| Task directions |
Starting from the top of the entries below and ending with the line containing "[diagram v0a: board, top", restate every line word for word, pictures omitted.
======== Record extracts
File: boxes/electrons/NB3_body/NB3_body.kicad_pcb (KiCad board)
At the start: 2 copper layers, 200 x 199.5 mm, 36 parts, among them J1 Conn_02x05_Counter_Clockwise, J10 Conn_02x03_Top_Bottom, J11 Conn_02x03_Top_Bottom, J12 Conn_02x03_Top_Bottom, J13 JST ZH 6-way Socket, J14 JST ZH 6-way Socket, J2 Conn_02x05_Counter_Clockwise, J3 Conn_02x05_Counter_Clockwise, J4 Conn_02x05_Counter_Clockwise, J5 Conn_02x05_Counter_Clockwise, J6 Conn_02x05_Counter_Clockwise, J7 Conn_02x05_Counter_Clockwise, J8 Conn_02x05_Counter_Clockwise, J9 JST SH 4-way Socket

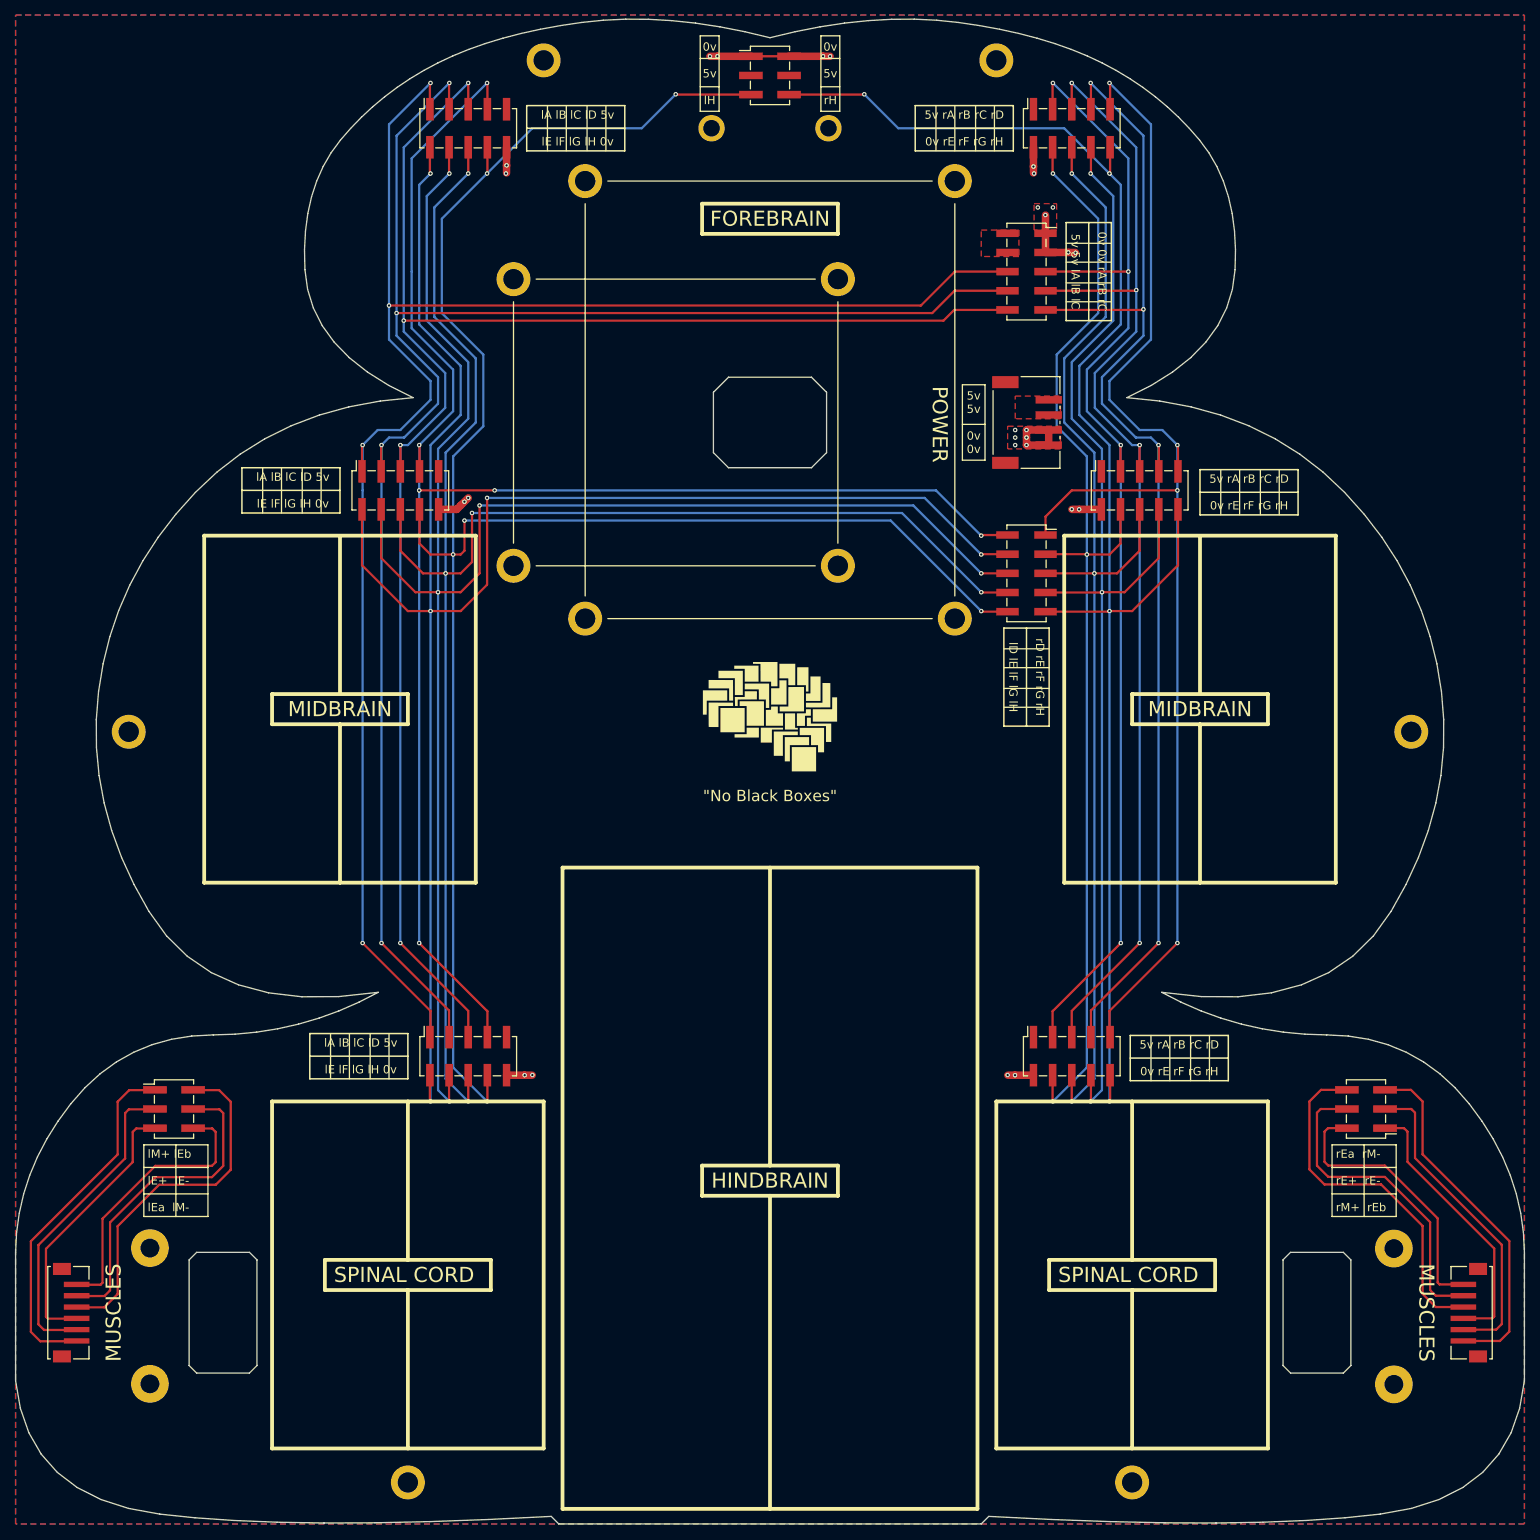
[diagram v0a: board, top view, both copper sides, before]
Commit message: Update NB3_body (motor mount holes)
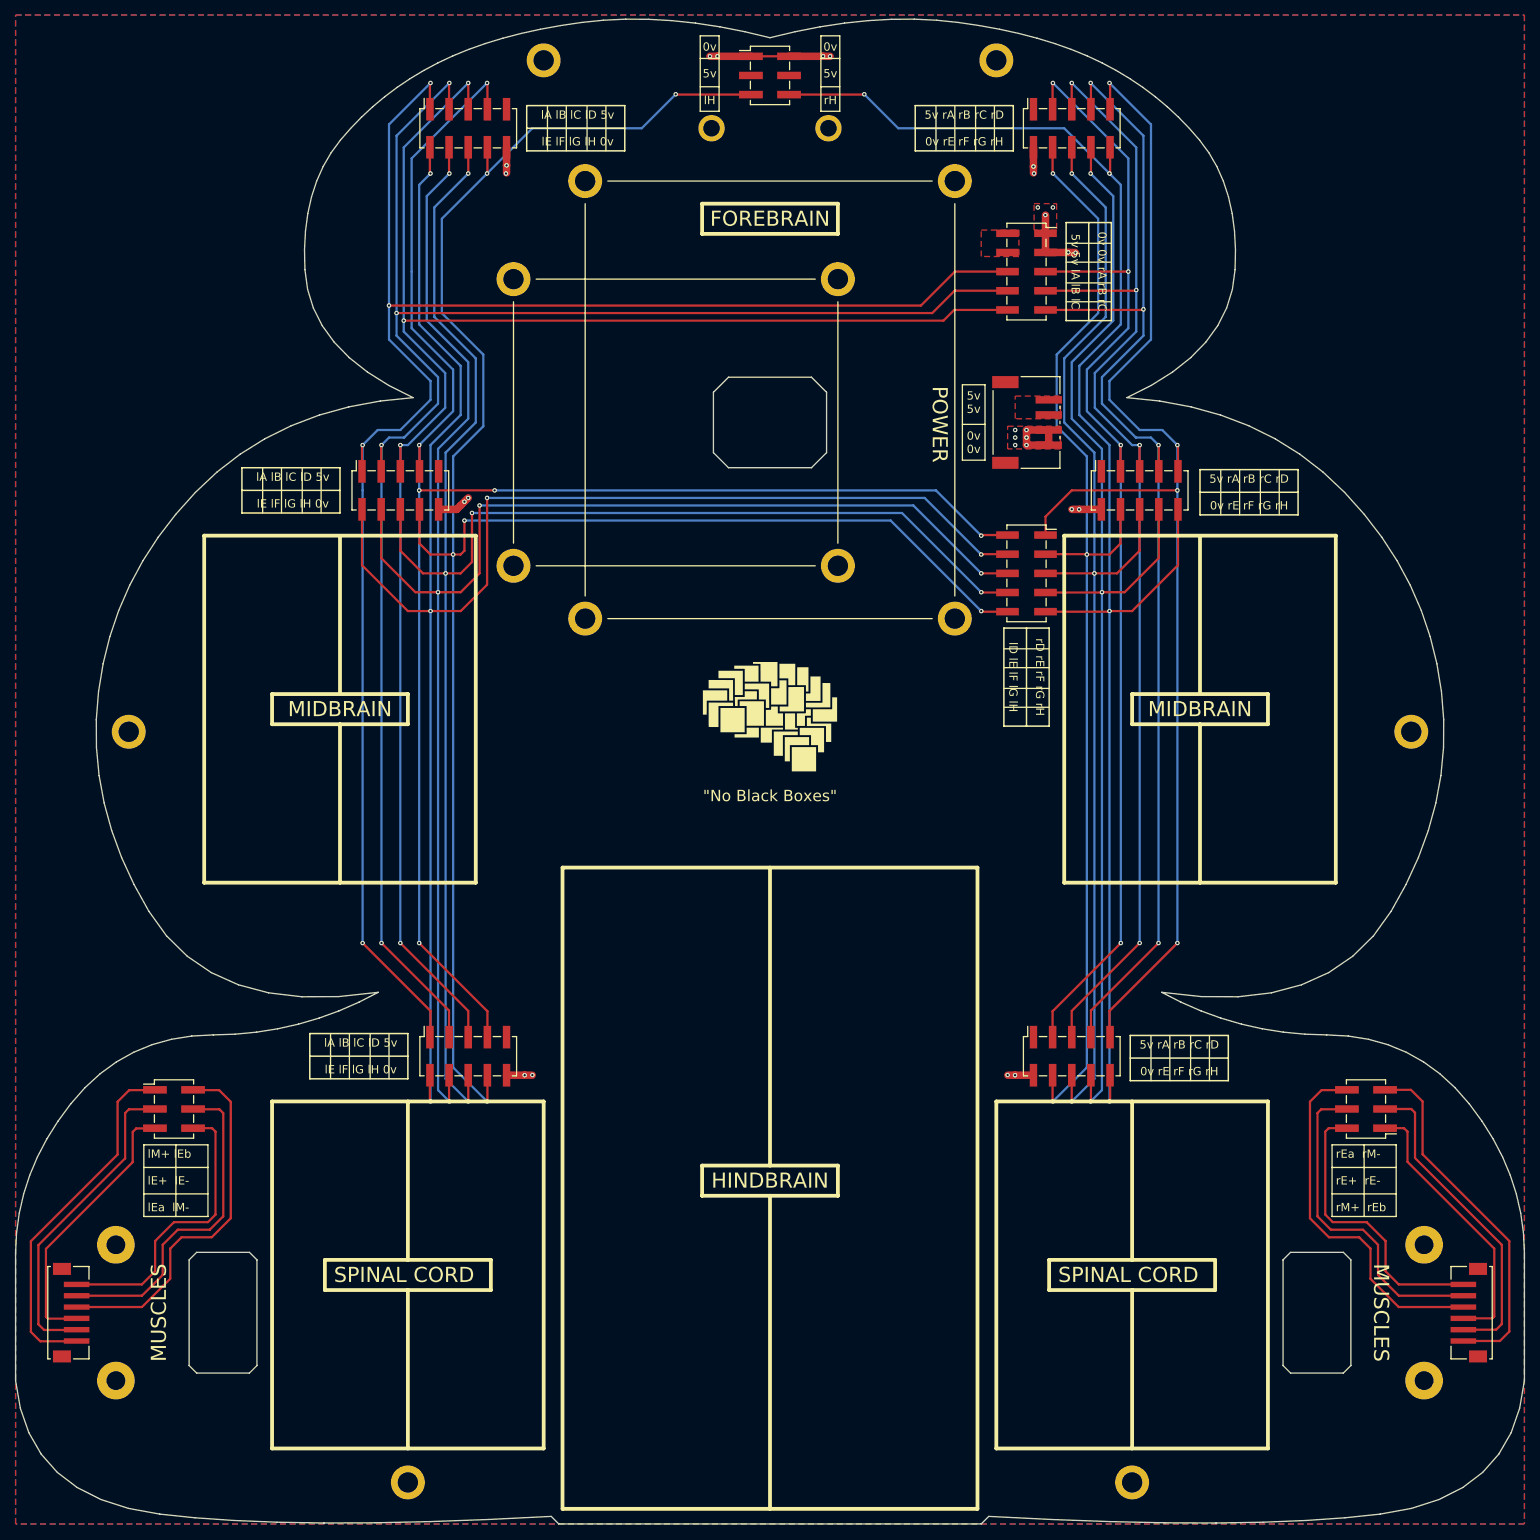
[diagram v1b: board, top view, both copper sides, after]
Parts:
- moved H11 4.53 mm to (37.8, 204.0)
- moved H9 4.53 mm to (37.8, 186.0)
- moved H10 4.03 mm to (211.2, 186.0)
- moved H12 4.03 mm to (211.2, 204.0)
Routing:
- net /LM-: track 37.3 -> 38.7 mm
- net /RM+: track 37.3 -> 38.7 mm
- net /RE+: track 43.0 -> 44.0 mm
- net /LE-: track 43.0 -> 44.0 mm
- net /RE A: track 47.8 -> 48.7 mm
- net /LE B: track 47.8 -> 48.7 mm
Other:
- board text added: "NB3_body Rev 0.0.2"
- board text removed: "NB3_body Rev 0.0.1"

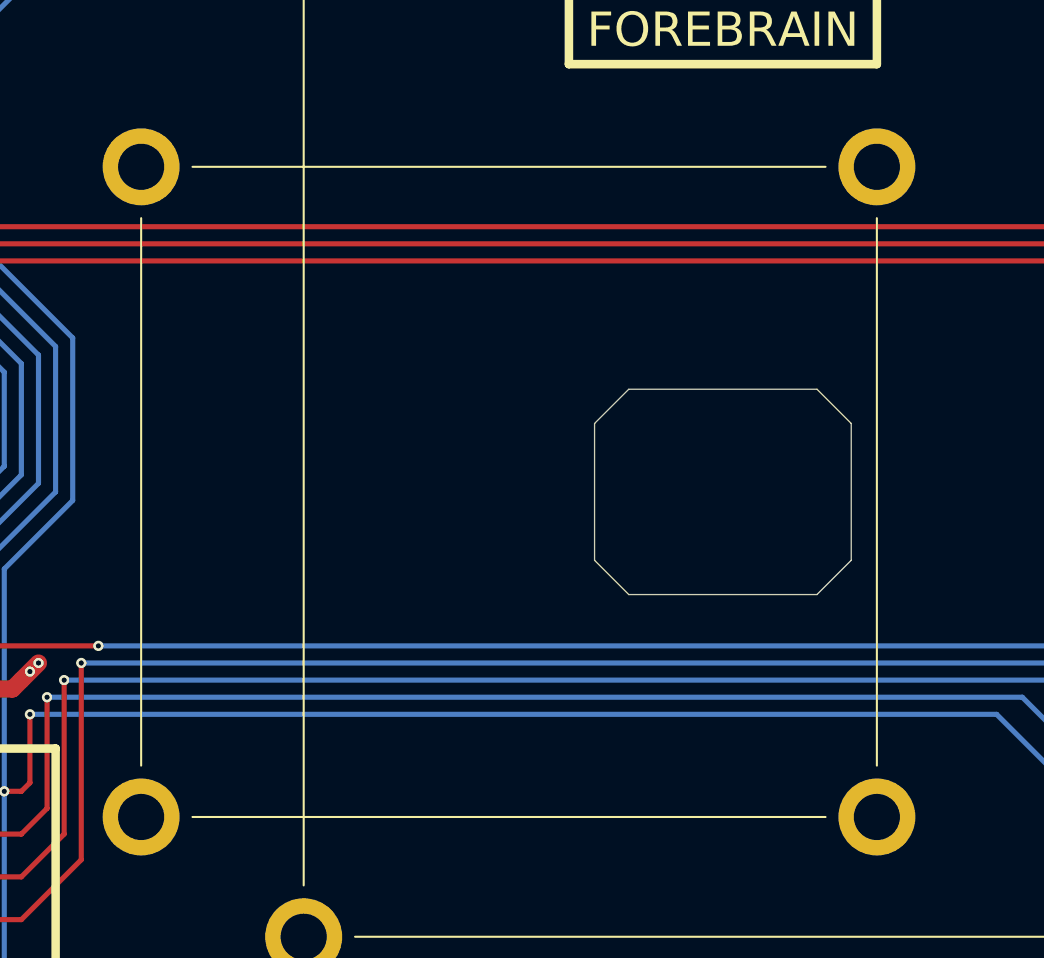
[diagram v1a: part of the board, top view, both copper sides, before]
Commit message: Update NB3_body: new power dimensions
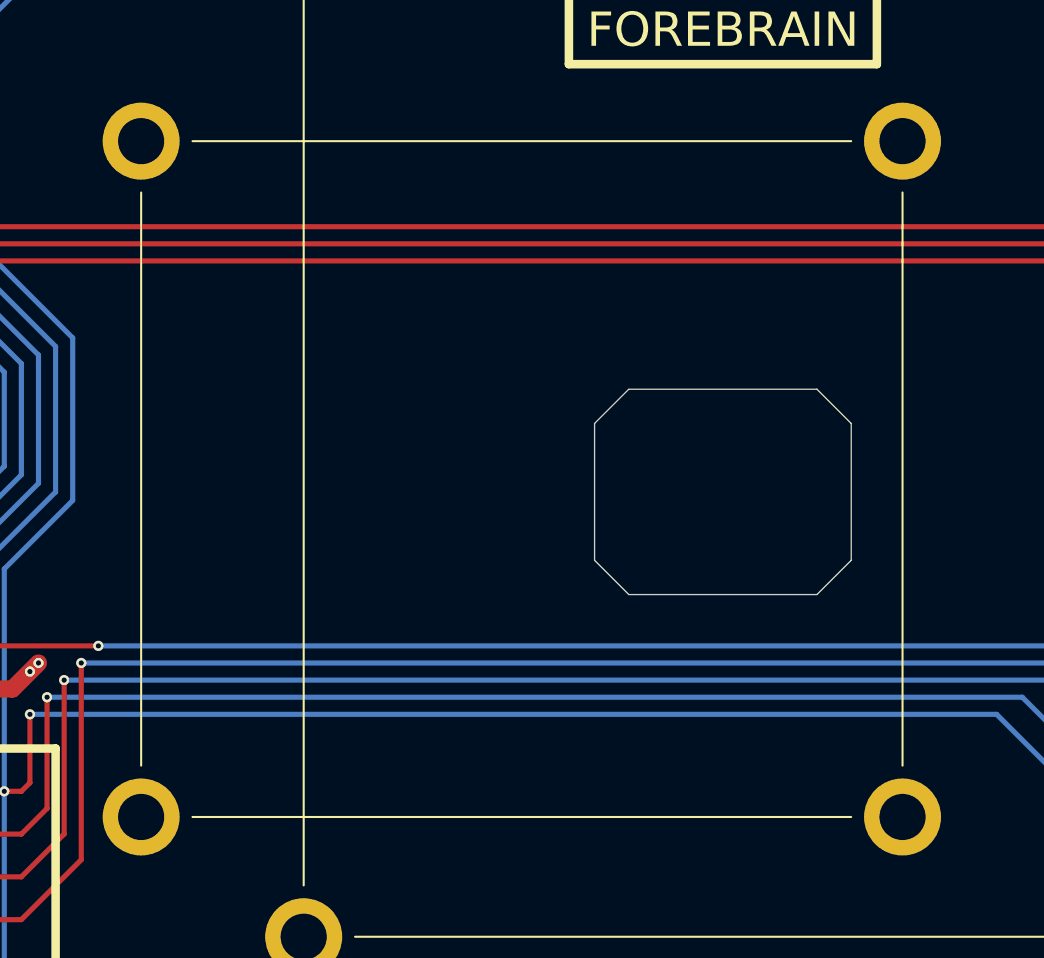
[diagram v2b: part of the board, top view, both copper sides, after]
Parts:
- moved H2 2.12 mm to (135.0, 56.5)
- moved H1 1.50 mm to (90.5, 56.5)
- moved H4 1.50 mm to (135.0, 96.0)
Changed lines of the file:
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@@
   )
   (footprint "MountingHole:MountingHole_2.7mm_M2.5_ISO7380_Pad" (layer "F.Cu")
-    (at 133.5 58)
+    (at 135 56.5)
     (descr "Mounting Hole 2.7mm, M2.5, ISO7380")
     (tags "mounting hole 2.7mm m2.5 iso7380")
@@
   )
   (footprint "MountingHole:MountingHole_2.7mm_M2.5_ISO7380_Pad" (layer "F.Cu")
-    (at 133.5 96)
+    (at 135 96)
     (descr "Mounting Hole 2.7mm, M2.5, ISO7380")
     (tags "mounting hole 2.7mm m2.5 iso7380")
@@
   )
   (footprint "MountingHole:MountingHole_2.7mm_M2.5_ISO7380_Pad" (layer "F.Cu")
-    (at 90.5 58)
+    (at 90.5 56.5)
     (descr "Mounting Hole 2.7mm, M2.5, ISO7380")
     (tags "mounting hole 2.7mm m2.5 iso7380")
@@
   (gr_line (start 68.75 158) (end 68.75 164) (layer "F.SilkS") (width 0.12))
   (gr_line (start 65 83) (end 65 89) (layer "F.SilkS") (width 0.12))
-  (gr_line (start 133.5 61) (end 133.5 93) (layer "F.SilkS") (width 0.12))
+  (gr_line (start 135 59.5) (end 135 93) (layer "F.SilkS") (width 0.12))
   (gr_line (start 115.25 28.75) (end 117.75 28.75) (layer "F.SilkS") (width 0.12))
   (gr_rect (start 41.5 172.75) (end 50 182.25) (layer "F.SilkS") (width 0.12) (fill none))
@@
   (gr_line (start 181.5 117) (end 181.5 138) (layer "F.SilkS") (width 0.5))
   (gr_line (start 105.25 41) (end 105.25 35) (layer "F.SilkS") (width 0.2))
-  (gr_line (start 93.5 58) (end 130.5 58) (layer "F.SilkS") (width 0.12))
-  (gr_line (start 90.5 93) (end 90.5 61) (layer "F.SilkS") (width 0.12))
+  (gr_line (start 93.5 56.5) (end 132 56.5) (layer "F.SilkS") (width 0.12))
+  (gr_line (start 90.5 93) (end 90.5 59.5) (layer "F.SilkS") (width 0.12))
   (gr_line (start 186.75 83.25) (end 186.75 89.25) (layer "F.SilkS") (width 0.12))
   (gr_line (start 166.75 50.5) (end 166.75 63.5) (layer "F.SilkS") (width 0.2))
@@
   (gr_line (start 182.75 158.25) (end 182.75 164.25) (layer "F.SilkS") (width 0.12))
   (gr_line (start 146.5 35) (end 146.5 41) (layer "F.SilkS") (width 0.12))
-  (gr_line (start 130.5 96) (end 93.5 96) (layer "F.SilkS") (width 0.12))
+  (gr_line (start 132 96) (end 93.5 96) (layer "F.SilkS") (width 0.12))
   (gr_line (start 152 136) (end 97 136) (layer "F.SilkS") (width 0.5))
   (gr_line (start 66.25 158) (end 66.25 164) (layer "F.SilkS") (width 0.12))

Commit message: Added new NB3_body fab details
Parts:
- moved H1 0.50 mm to (91.0, 56.5)
- moved H2 0.50 mm to (135.5, 56.5)
- moved H3 0.50 mm to (91.0, 96.0)
- moved H4 0.50 mm to (135.5, 96.0)
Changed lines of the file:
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@@
       (sketchpadsonfab false)
       (subtractmaskfromsilk false)
-      (outputformat 3)
+      (outputformat 1)
       (mirror false)
       (drillshape 0)
       (scaleselection 1)
-      (outputdirectory "fab/")
+      (outputdirectory "fab_2/")
     )
   )
@@
   )
   (footprint "MountingHole:MountingHole_2.7mm_M2.5_ISO7380_Pad" (layer "F.Cu")
-    (at 135 56.5)
+    (at 135.5 56.5)
     (descr "Mounting Hole 2.7mm, M2.5, ISO7380")
     (tags "mounting hole 2.7mm m2.5 iso7380")
@@
   )
   (footprint "MountingHole:MountingHole_2.7mm_M2.5_ISO7380_Pad" (layer "F.Cu")
-    (at 90.5 96)
+    (at 91 96)
     (descr "Mounting Hole 2.7mm, M2.5, ISO7380")
     (tags "mounting hole 2.7mm m2.5 iso7380")
@@
   )
   (footprint "MountingHole:MountingHole_2.7mm_M2.5_ISO7380_Pad" (layer "F.Cu")
-    (at 135 96)
+    (at 135.5 96)
     (descr "Mounting Hole 2.7mm, M2.5, ISO7380")
     (tags "mounting hole 2.7mm m2.5 iso7380")
@@
   )
   (footprint "MountingHole:MountingHole_2.7mm_M2.5_ISO7380_Pad" (layer "F.Cu")
-    (at 90.5 56.5)
+    (at 91 56.5)
     (descr "Mounting Hole 2.7mm, M2.5, ISO7380")
     (tags "mounting hole 2.7mm m2.5 iso7380")
@@
   (gr_line (start 68.75 158) (end 68.75 164) (layer "F.SilkS") (width 0.12))
   (gr_line (start 65 83) (end 65 89) (layer "F.SilkS") (width 0.12))
-  (gr_line (start 135 59.5) (end 135 93) (layer "F.SilkS") (width 0.12))
+  (gr_line (start 135.5 59.5) (end 135.5 93) (layer "F.SilkS") (width 0.12))
   (gr_line (start 115.25 28.75) (end 117.75 28.75) (layer "F.SilkS") (width 0.12))
   (gr_rect (start 41.5 172.75) (end 50 182.25) (layer "F.SilkS") (width 0.12) (fill none))
@@
   (gr_line (start 181.5 117) (end 181.5 138) (layer "F.SilkS") (width 0.5))
   (gr_line (start 105.25 41) (end 105.25 35) (layer "F.SilkS") (width 0.2))
-  (gr_line (start 93.5 56.5) (end 132 56.5) (layer "F.SilkS") (width 0.12))
-  (gr_line (start 90.5 93) (end 90.5 59.5) (layer "F.SilkS") (width 0.12))
+  (gr_line (start 94 56.5) (end 132.5 56.5) (layer "F.SilkS") (width 0.12))
+  (gr_line (start 91 93) (end 91 59.5) (layer "F.SilkS") (width 0.12))
   (gr_line (start 186.75 83.25) (end 186.75 89.25) (layer "F.SilkS") (width 0.12))
   (gr_line (start 166.75 50.5) (end 166.75 63.5) (layer "F.SilkS") (width 0.2))
@@
   (gr_line (start 182.75 158.25) (end 182.75 164.25) (layer "F.SilkS") (width 0.12))
   (gr_line (start 146.5 35) (end 146.5 41) (layer "F.SilkS") (width 0.12))
-  (gr_line (start 132 96) (end 93.5 96) (layer "F.SilkS") (width 0.12))
+  (gr_line (start 132.5 96) (end 94 96) (layer "F.SilkS") (width 0.12))
   (gr_line (start 152 136) (end 97 136) (layer "F.SilkS") (width 0.5))
   (gr_line (start 66.25 158) (end 66.25 164) (layer "F.SilkS") (width 0.12))
================
| Exercise output |
File: boxes/electrons/NB3_body/NB3_body.kicad_pcb (KiCad board)
At the start: 2 copper layers, 200 x 199.5 mm, 36 parts, among them J1 Conn_02x05_Counter_Clockwise, J10 Conn_02x03_Top_Bottom, J11 Conn_02x03_Top_Bottom, J12 Conn_02x03_Top_Bottom, J13 JST ZH 6-way Socket, J14 JST ZH 6-way Socket, J2 Conn_02x05_Counter_Clockwise, J3 Conn_02x05_Counter_Clockwise, J4 Conn_02x05_Counter_Clockwise, J5 Conn_02x05_Counter_Clockwise, J6 Conn_02x05_Counter_Clockwise, J7 Conn_02x05_Counter_Clockwise, J8 Conn_02x05_Counter_Clockwise, J9 JST SH 4-way Socket

[diagram v0a: board, top view, both copper sides, before]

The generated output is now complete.